Task prompt:
Take from the records below each line that holds "Sqrt".

Supplied material:
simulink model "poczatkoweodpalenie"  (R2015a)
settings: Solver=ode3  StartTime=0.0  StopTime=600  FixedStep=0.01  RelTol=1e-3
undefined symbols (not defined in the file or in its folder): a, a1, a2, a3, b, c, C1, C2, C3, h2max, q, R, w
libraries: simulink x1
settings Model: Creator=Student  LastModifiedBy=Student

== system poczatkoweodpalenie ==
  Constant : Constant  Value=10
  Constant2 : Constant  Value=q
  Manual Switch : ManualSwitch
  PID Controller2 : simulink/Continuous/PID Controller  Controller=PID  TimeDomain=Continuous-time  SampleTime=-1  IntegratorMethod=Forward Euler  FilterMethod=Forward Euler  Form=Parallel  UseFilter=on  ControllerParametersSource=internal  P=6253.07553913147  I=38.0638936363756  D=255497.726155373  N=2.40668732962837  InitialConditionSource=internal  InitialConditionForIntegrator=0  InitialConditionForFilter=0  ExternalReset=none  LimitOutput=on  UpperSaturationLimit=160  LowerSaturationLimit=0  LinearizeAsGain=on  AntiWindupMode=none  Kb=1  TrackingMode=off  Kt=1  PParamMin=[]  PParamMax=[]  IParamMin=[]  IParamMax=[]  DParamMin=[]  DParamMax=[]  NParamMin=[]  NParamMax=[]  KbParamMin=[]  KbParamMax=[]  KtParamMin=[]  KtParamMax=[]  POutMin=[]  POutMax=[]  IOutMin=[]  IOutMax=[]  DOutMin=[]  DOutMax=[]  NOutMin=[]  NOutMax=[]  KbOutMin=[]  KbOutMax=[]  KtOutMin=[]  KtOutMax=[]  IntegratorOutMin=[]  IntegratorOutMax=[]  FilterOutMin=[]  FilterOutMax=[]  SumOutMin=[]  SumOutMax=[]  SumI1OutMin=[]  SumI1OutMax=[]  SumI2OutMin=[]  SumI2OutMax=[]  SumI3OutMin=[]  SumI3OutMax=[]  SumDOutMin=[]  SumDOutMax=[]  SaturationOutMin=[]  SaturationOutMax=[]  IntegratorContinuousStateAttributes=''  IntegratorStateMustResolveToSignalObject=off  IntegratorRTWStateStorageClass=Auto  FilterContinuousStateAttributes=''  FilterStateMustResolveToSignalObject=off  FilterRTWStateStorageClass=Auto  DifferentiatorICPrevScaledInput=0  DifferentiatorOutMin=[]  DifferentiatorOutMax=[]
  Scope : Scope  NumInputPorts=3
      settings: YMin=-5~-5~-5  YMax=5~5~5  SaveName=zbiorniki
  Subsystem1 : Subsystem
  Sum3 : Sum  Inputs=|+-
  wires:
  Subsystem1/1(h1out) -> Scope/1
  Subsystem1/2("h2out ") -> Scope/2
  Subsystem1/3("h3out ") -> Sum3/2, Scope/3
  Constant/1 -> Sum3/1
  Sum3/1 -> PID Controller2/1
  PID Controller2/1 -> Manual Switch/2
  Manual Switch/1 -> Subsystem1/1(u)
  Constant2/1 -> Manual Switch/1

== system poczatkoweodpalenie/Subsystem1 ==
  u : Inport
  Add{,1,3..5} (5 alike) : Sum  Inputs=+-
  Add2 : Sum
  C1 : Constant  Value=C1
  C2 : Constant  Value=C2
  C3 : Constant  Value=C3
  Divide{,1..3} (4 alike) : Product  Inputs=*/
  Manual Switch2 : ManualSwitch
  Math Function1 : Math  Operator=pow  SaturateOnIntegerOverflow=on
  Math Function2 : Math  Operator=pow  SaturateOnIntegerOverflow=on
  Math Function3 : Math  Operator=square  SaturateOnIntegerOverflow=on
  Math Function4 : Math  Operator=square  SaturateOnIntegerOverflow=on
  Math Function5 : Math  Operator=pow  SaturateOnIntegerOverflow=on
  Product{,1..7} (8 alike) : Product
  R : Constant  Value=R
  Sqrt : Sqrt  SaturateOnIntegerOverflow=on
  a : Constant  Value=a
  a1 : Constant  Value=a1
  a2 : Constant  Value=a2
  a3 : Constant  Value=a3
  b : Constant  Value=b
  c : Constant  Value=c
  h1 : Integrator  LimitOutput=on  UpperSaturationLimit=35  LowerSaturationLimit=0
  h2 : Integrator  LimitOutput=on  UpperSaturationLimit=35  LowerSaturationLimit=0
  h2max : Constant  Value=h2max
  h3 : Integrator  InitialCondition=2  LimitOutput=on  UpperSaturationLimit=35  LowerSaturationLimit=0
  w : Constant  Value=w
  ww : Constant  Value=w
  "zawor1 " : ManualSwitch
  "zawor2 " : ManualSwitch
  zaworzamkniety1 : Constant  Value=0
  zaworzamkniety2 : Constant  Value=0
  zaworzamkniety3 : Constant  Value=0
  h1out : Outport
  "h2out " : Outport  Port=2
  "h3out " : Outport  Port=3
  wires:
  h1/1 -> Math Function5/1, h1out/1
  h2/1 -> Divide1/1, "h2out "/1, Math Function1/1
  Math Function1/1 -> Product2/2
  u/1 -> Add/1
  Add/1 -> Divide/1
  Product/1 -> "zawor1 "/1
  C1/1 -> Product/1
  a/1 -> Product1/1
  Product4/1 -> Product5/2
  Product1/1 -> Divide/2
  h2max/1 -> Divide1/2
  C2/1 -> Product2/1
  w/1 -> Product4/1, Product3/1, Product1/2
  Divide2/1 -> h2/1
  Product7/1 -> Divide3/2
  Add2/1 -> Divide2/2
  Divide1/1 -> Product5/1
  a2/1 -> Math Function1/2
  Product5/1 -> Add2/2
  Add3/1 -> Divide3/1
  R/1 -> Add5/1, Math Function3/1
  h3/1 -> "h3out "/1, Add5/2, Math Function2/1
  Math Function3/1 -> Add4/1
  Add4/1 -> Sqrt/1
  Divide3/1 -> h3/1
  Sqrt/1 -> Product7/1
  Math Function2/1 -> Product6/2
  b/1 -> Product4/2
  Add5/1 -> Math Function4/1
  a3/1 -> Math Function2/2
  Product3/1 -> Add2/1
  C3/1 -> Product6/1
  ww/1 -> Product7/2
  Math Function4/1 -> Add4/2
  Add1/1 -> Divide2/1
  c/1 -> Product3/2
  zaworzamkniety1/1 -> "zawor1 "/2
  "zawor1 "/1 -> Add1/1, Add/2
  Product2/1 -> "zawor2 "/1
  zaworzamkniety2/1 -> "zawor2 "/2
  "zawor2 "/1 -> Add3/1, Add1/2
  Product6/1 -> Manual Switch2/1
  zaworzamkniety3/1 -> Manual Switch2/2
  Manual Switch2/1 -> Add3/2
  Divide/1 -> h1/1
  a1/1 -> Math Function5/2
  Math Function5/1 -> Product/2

Solution to the problem:
  Sqrt : Sqrt  SaturateOnIntegerOverflow=on
  Add4/1 -> Sqrt/1
  Sqrt/1 -> Product7/1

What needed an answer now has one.